Saya akan terangkan sedikit saja tentang ilmu ini, terutama yang terkait dengan dakwah. Juga akan dijelaskan cara pengamalannya. Sebenarnya ilmu di alam semesta ini laksana mihrab bagi Nabi Allah Adam as. Setelah itu, tugas berdakwah dilanjutkan oleh para Nabi dan Rasul setelah beliau. Jika demikian, apakah makna ilmu yang sesungguhnya? Arti ilmu adalah pengenalan seseorang kepada Sang Maha Pencipta, kemudian mengenalkan Sang Pencipta kepada orang lain. Dan hendaknya mereka meyakini, bahwa Tuhan kita mempunyai sifat-sifat dan nama-nama Yang Mahamulia. Berikutnya, hendaklah ia mengenal Tuhan-nya dengan sebenar-benar pengenalan. Adapun ungkapan, “Siapa yang mengenal dirinya, maka ia mengenal Tuhannya,” sebenarnya ucapan sebenar ini sangat dalam artinya, bahkan hampir sama derajatnya dengan sabda Nabi, meskipun sebenarnya ia bukan termasuk jajaran di dalam sabda Nabi. Akan tetapi, Al-Qur‟an mendukungnya sebagaimana telah disebutkan oleh Allah Swt. di dalam firman-Nya berikut ini, “Dan janganlah engkau seperti orang-orang yang lupa kepada Allah, lalu Allah menjadikan mereka lupa kepada mereka sendiri. Mereka itulah orang-orang yang fasik,” (QS al-Hasyr [59]: 19).

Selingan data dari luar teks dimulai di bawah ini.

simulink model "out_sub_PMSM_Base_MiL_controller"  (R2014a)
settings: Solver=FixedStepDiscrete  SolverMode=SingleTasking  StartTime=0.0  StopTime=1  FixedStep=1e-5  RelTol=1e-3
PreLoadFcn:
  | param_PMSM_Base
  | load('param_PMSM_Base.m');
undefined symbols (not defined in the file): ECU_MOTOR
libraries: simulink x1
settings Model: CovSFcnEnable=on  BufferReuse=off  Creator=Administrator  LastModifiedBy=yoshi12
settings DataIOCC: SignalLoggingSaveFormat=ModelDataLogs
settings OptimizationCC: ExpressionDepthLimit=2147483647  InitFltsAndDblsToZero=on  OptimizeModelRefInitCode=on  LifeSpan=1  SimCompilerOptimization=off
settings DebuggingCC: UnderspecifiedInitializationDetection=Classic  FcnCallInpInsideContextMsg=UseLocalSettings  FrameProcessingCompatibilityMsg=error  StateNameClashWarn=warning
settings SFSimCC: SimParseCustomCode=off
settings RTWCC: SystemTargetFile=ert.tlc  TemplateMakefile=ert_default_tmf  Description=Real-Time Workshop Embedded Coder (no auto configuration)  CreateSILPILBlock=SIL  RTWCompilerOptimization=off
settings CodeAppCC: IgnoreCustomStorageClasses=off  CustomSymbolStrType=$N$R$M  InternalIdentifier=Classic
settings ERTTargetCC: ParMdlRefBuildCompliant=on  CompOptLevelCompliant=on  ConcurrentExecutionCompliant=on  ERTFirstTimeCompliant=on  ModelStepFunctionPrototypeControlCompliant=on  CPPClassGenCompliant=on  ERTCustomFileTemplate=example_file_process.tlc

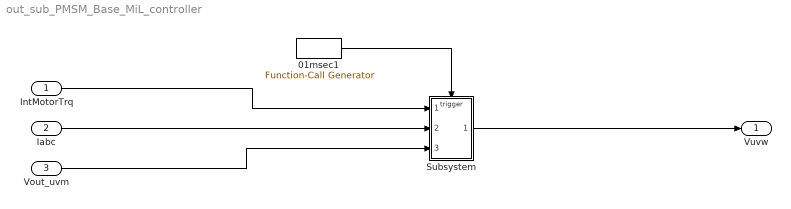
== system out_sub_PMSM_Base_MiL_controller ==
  IntMotorTrq : Inport
  Iabc : Inport  Port=2  PortDimensions=3
  Vout_uvm : Inport  Port=3  PortDimensions=3
  01msec1 : simulink/Ports & Subsystems/Function-Call Generator  sample_time=1e-4  numberOfIterations=1
  Subsystem : Subsystem
  Vuvw : Outport
  wires:
  IntMotorTrq/1 -> Subsystem/1(In1)
  Iabc/1 -> Subsystem/2(In2)
  Vout_uvm/1 -> Subsystem/3(In3)
  Subsystem/1(Vuvw) -> Vuvw/1
  01msec1/1 -> Subsystem/Trigger

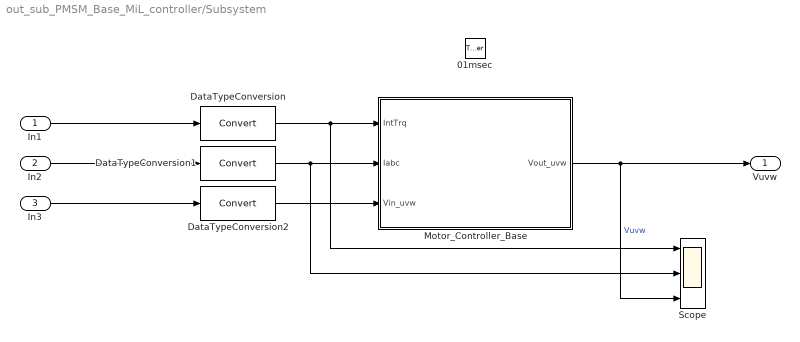
== system out_sub_PMSM_Base_MiL_controller/Subsystem ==
  In1 : Inport
  In2 : Inport  Port=2
  In3 : Inport  Port=3
  01msec : TriggerPort  TriggerType=function-call
  DataTypeConversion : DataTypeConversion
  DataTypeConversion1 : DataTypeConversion
  DataTypeConversion2 : DataTypeConversion
  Motor_Controller_Base : Subsystem  TreatAsAtomicUnit=on  mask{Phase_Idq=ECU_MOTOR.Phase_Idq, wc=ECU_MOTOR.wc, kp_d=ECU_MOTOR.kp_d, kp_q=ECU_MOTOR.kp_q, Ti_d=ECU_MOTOR.Ti_d, Ti_q=ECU_MOTOR.Ti_q, wsc=ECU_MOTOR.wsc, wpi=ECU_MOTOR.wpi, kp_v=ECU_MOTOR.kp_v, ki_v=ECU_MOTOR.ki_v, obs_onoff=ECU_MOTOR.obs_onoff, Tff=ECU_MOTOR.Tff, ff=ECU_MOTOR.ff, Phase_Loadtorque=ECU_MOTOR.Phase_Loadtorque, alpha_obs=ECU_MOTOR.alpha_obs, k1=ECU_MOTOR.k1, k2=ECU_MOTOR.k2, k3=ECU_MOTOR.k3, I=ECU_MOTOR.I, J=ECU_MOTOR.J, O=ECU_MOTOR.O, B1=ECU_MOTOR.B1, R=ECU_MOTOR.R, p=ECU_MOTOR.p, Ld=ECU_MOTOR.Ld, Lq=ECU_MOTOR.Lq, Rnt=ECU_MOTOR.Rnt, Ts=ECU_MOTOR.Ts, VDC=ECU_MOTOR.VDC, f_carrier=ECU_MOTOR.f_carrier, dvsw=ECU_MOTOR.dvsw}
      mask prompts: I ".I"
  Scope : Scope  NumInputPorts=3
      settings: YMin=-5~-5~-5  YMax=5~5~5  SaveName=MotorCtrlInOutData1
  Vuvw : Outport
  wires:
  In1/1 -> DataTypeConversion/1
  Motor_Controller_Base/1(Vout_uvw) -> Vuvw/1, Scope/3  "Vuvw"
  In2/1 -> DataTypeConversion1/1
  DataTypeConversion/1 -> Scope/1, Motor_Controller_Base/1(IntTrq)
  DataTypeConversion1/1 -> Scope/2, Motor_Controller_Base/2(Iabc)
  DataTypeConversion2/1 -> Motor_Controller_Base/3(Vin_uvw)
  In3/1 -> DataTypeConversion2/1

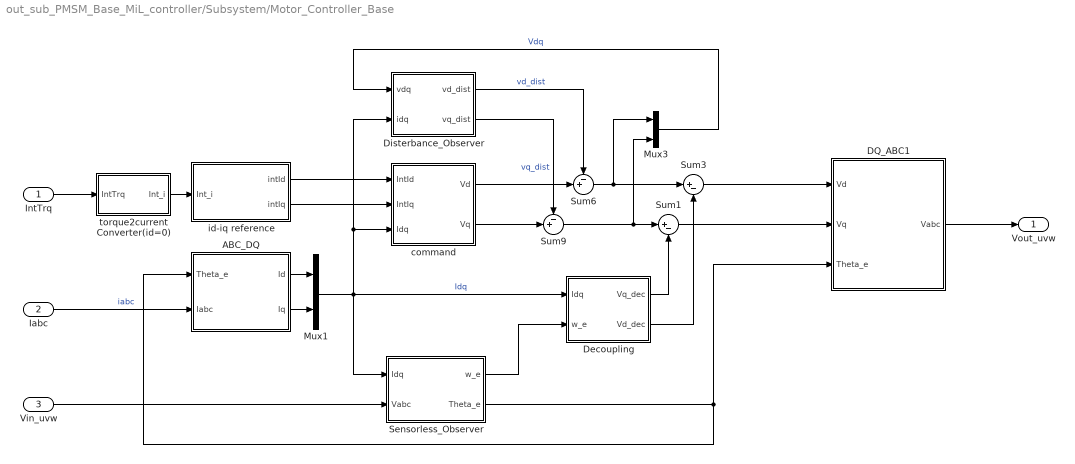
== system out_sub_PMSM_Base_MiL_controller/Subsystem/Motor_Controller_Base ==
  IntTrq : Inport
  Iabc : Inport  Port=2
  Vin_uvw : Inport  Port=3
  ABC_DQ : Subsystem
      mask Display: disp('abc-dq')
  DQ_ABC1 : Subsystem
      mask Display: disp('dq-abc')
  Decoupling : Subsystem
  Disterbance_Observer : Subsystem
  Mux1 : Mux  Inputs=2
  Mux3 : Mux  Inputs=2
  Sensorless_Observer : Subsystem
  Sum1 : Sum  Inputs=|+-
  Sum3 : Sum  Inputs=|+-
  Sum6 : Sum  Inputs=-+|
  Sum9 : Sum  Inputs=-+|
  command : Subsystem
  id-iq reference : Subsystem
  torque2current Converter(id=0) : Subsystem
  Vout_uvw : Outport
  wires:
  IntTrq/1 -> torque2current Converter(id=0)/1(IntTrq)
  id-iq reference/1(intId) -> command/1(IntId)
  id-iq reference/2(intIq) -> command/2(IntIq)
  DQ_ABC1/1(Vabc) -> Vout_uvw/1
  Iabc/1 -> ABC_DQ/2(Iabc)  "iabc"
  Sum3/1 -> DQ_ABC1/1(Vd)
  command/2(Vq) -> Sum9/2
  Sum1/1 -> DQ_ABC1/2(Vq)
  command/1(Vd) -> Sum6/2
  ABC_DQ/1(Id) -> Mux1/1
  ABC_DQ/2(Iq) -> Mux1/2
  Mux1/1 -> Disterbance_Observer/2(idq), command/3(Idq), Decoupling/1(Idq), Sensorless_Observer/1(Idq)  "Idq"
  Decoupling/2(Vd_dec) -> Sum3/2
  Decoupling/1(Vq_dec) -> Sum1/2
  torque2current Converter(id=0)/1(Int_i) -> id-iq reference/1(Int_i)
  Mux3/1 -> Disterbance_Observer/1(vdq)  "Vdq"
  Sum6/1 -> Mux3/1, Sum3/1
  Sum9/1 -> Sum1/1, Mux3/2
  Disterbance_Observer/2(vq_dist) -> Sum9/1  "vq_dist"
  Disterbance_Observer/1(vd_dist) -> Sum6/1  "vd_dist"
  Sensorless_Observer/1(w_e) -> Decoupling/2(w_e)
  Vin_uvw/1 -> Sensorless_Observer/2(Vabc)
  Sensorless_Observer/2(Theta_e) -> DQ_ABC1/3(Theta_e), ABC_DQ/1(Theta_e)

Jika kalian melalaikan Allah, maka pasti Allah akan melalaikan kalian. Jika kalian telah dilalaikan oleh Allah, maka sudah tentu kalian akan jauh dari sisi-Nya. Sehingga kalian akan menjadi orang yang terasing, bahkan kalian tidak akan ingat kepada diri kalian sendiri. Siapa saja yang telah masuk ke dalam lingkaran setan, maka ia akan sangat berat untuk bisa melepaskan dirinya dari lingkaran itu. Bahkan ia akan menjauh dari ajaran Al-Qur‟an dan sunnah-sunnah Nabi-Nya.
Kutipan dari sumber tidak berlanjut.